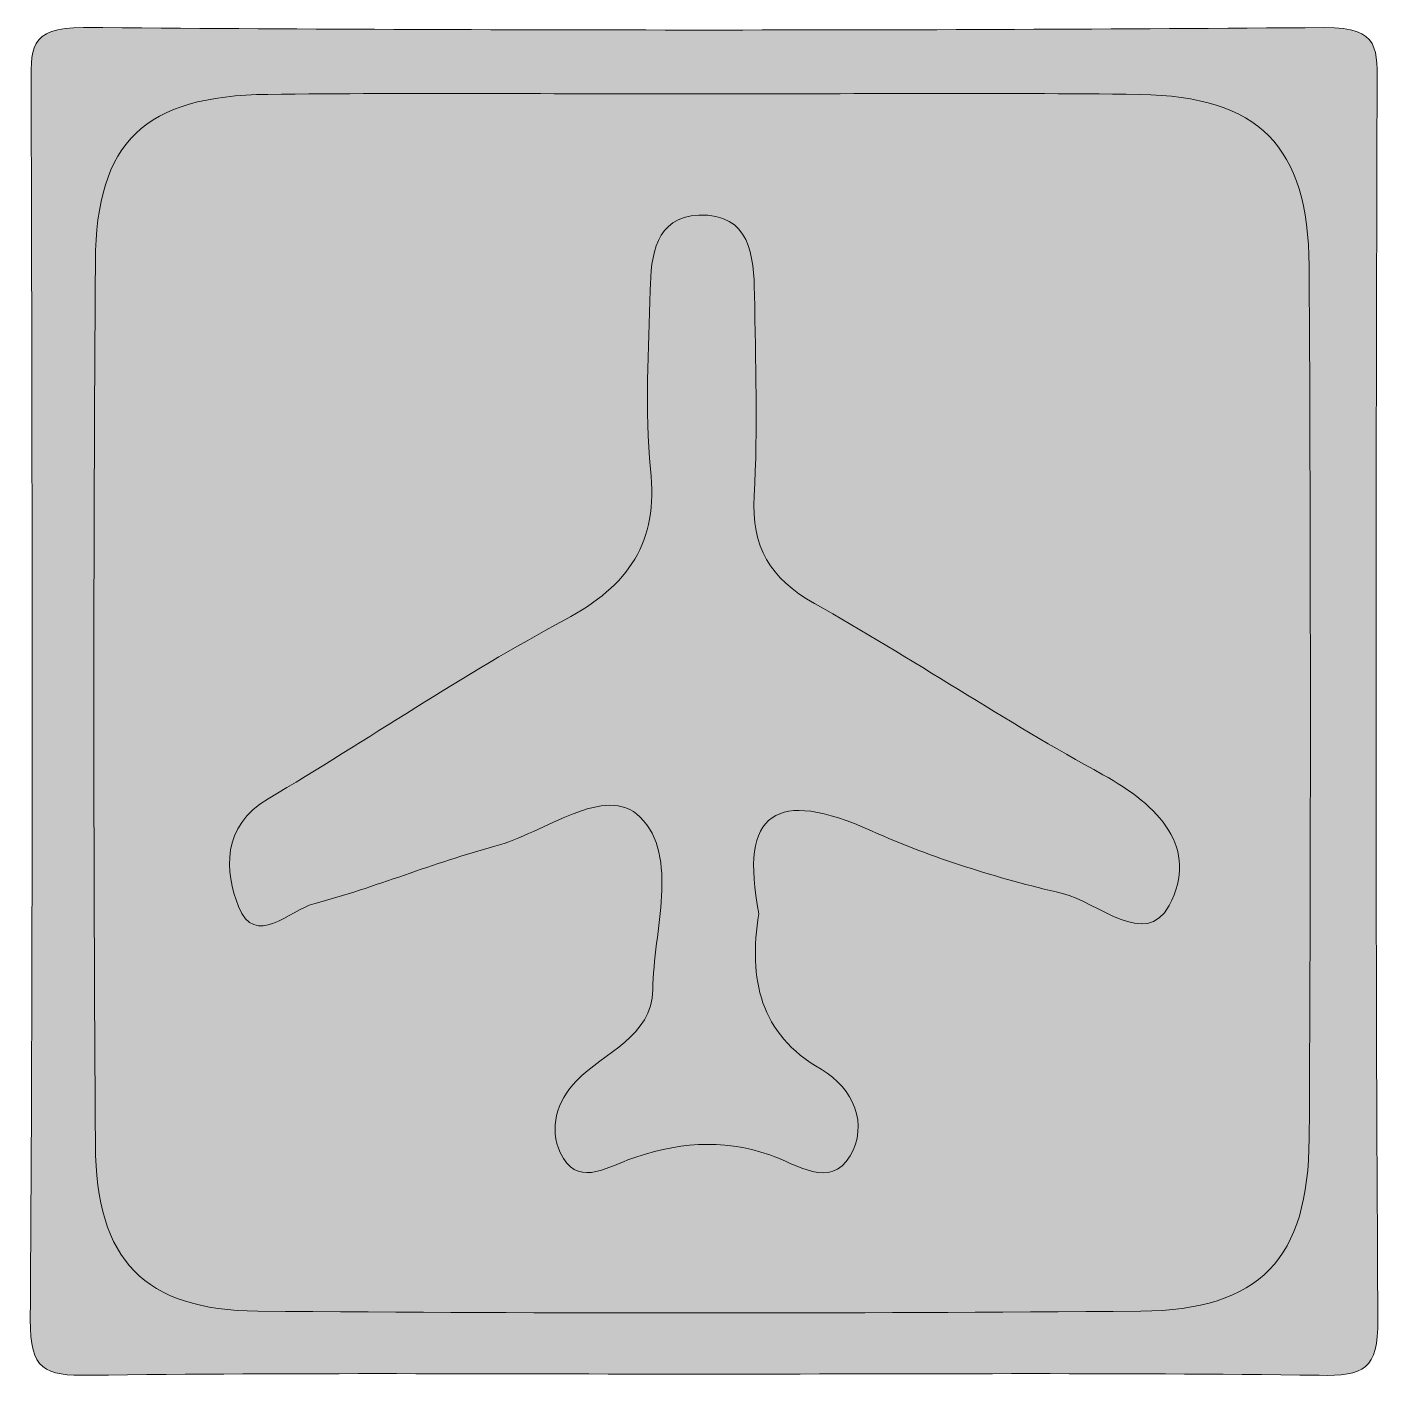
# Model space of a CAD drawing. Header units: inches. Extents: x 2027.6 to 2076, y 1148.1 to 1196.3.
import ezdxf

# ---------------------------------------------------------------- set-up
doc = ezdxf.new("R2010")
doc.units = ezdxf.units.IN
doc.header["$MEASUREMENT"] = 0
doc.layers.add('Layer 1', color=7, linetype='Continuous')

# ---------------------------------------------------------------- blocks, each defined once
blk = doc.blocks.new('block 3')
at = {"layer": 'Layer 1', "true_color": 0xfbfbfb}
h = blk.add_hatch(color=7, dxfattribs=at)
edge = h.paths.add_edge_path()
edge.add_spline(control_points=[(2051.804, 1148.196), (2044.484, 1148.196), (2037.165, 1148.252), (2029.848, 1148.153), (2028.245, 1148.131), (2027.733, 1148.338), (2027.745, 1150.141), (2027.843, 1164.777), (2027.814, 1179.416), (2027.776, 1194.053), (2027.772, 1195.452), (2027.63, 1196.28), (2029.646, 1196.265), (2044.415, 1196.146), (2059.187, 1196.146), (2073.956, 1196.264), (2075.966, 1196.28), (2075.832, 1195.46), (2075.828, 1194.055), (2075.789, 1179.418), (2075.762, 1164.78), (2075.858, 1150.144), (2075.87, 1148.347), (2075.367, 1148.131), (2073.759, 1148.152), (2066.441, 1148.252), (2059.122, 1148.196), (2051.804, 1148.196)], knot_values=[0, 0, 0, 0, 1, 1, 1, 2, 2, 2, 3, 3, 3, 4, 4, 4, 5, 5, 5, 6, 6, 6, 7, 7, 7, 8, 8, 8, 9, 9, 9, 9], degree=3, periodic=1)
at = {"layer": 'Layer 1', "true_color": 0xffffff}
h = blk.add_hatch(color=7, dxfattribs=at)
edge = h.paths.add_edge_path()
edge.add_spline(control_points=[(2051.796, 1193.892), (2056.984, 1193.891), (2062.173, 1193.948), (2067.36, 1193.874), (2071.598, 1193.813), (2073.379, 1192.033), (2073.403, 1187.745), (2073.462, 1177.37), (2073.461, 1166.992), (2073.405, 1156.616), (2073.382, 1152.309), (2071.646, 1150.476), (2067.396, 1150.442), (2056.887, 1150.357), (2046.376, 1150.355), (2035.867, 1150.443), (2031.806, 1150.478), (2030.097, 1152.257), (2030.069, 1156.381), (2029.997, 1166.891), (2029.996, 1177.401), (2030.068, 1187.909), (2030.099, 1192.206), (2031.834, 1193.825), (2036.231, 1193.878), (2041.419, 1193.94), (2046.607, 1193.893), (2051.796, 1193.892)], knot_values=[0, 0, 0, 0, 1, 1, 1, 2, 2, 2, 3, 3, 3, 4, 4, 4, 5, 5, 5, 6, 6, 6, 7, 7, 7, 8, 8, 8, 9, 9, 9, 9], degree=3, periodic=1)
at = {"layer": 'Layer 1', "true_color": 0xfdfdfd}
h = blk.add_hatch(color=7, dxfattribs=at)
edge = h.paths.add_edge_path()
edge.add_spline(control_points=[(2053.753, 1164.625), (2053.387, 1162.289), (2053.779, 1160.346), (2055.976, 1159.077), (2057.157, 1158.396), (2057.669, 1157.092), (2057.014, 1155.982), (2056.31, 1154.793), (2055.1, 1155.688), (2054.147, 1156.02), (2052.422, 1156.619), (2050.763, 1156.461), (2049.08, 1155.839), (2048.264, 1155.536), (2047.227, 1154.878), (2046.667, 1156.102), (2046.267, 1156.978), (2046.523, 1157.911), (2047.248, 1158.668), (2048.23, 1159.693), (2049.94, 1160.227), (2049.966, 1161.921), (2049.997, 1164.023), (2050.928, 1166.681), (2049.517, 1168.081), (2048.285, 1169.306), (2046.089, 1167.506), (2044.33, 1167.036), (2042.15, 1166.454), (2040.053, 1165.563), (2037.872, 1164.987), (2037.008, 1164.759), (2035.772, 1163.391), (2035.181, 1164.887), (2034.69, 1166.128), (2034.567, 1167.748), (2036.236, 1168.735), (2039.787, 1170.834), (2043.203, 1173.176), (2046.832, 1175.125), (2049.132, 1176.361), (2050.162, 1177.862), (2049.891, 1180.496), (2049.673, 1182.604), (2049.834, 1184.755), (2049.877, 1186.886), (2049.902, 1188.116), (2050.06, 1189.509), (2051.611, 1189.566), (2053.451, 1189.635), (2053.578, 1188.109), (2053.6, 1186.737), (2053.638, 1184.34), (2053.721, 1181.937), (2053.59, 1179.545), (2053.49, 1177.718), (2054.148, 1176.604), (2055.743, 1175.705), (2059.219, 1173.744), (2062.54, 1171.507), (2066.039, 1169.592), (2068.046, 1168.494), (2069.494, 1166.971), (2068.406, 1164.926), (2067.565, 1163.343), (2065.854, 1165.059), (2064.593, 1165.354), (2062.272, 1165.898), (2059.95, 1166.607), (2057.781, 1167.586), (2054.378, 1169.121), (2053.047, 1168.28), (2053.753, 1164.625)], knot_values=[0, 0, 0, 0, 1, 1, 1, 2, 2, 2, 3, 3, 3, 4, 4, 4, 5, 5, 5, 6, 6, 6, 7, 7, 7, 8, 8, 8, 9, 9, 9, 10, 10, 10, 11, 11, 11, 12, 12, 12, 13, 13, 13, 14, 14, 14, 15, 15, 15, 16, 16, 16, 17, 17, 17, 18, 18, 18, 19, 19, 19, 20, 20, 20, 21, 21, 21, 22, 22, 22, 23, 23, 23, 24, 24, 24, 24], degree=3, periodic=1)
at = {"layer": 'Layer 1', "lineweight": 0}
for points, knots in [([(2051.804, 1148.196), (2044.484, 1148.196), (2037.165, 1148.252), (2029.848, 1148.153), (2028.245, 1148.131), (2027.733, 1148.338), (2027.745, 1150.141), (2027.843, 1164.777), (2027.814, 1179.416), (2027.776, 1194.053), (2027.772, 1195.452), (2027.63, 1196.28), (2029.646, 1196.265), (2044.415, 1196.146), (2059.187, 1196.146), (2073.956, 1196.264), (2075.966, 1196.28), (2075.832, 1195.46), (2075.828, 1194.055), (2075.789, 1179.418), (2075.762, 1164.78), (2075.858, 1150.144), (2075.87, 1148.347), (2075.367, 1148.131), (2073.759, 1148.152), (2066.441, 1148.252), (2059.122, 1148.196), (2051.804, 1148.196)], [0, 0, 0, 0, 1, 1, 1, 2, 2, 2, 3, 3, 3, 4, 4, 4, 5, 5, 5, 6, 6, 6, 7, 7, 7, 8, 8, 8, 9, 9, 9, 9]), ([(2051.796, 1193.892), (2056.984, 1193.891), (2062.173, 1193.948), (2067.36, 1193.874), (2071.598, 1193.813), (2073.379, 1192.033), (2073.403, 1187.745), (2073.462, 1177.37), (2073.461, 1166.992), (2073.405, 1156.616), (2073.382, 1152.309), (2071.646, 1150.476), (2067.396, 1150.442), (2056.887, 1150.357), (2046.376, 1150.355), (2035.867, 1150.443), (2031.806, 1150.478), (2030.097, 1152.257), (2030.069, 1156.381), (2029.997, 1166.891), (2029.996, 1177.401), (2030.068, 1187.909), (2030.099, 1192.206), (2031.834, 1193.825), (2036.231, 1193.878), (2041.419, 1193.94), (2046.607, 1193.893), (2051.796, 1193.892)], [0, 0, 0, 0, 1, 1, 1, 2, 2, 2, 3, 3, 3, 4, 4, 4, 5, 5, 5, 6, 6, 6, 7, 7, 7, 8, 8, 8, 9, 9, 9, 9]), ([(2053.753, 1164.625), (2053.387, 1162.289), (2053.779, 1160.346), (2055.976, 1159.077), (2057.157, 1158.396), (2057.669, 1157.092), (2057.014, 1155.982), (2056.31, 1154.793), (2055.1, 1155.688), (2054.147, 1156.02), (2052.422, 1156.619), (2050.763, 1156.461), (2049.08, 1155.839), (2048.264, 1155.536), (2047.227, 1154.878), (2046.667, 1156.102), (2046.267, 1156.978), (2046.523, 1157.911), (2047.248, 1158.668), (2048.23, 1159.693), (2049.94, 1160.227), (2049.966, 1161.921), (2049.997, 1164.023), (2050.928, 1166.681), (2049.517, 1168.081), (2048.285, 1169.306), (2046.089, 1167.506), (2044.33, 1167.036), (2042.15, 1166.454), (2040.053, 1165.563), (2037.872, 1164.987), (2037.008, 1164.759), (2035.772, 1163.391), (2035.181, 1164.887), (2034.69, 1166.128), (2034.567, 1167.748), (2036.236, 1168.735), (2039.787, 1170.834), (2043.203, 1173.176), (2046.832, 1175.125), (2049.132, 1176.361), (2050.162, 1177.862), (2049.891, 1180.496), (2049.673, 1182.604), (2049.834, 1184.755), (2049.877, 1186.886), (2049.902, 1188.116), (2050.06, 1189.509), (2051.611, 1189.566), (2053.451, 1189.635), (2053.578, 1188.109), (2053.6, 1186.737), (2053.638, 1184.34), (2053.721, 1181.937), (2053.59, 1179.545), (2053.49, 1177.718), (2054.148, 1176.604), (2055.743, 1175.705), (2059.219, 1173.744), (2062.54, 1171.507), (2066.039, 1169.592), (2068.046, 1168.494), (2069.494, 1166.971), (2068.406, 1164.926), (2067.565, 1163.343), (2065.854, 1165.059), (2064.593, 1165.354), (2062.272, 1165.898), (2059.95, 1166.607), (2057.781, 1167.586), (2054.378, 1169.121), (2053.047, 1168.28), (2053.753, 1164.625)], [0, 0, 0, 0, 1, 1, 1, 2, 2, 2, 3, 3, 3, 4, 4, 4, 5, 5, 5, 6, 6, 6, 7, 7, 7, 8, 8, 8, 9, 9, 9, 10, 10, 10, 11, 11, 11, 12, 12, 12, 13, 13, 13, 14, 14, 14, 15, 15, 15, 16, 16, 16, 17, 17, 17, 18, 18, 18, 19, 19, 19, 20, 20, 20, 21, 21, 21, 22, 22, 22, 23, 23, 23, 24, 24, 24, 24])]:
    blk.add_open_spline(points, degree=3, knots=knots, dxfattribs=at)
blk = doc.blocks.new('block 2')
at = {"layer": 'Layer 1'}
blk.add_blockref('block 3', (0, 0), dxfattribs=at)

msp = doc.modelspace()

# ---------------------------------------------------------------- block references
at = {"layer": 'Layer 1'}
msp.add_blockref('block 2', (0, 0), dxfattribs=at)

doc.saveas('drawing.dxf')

Exercise directions>
Look through the listing above and copy each line with the word "units" in it.

Result>
# Model space of a CAD drawing. Header units: inches. Extents: x 2027.6 to 2076, y 1148.1 to 1196.3.
doc.units = ezdxf.units.IN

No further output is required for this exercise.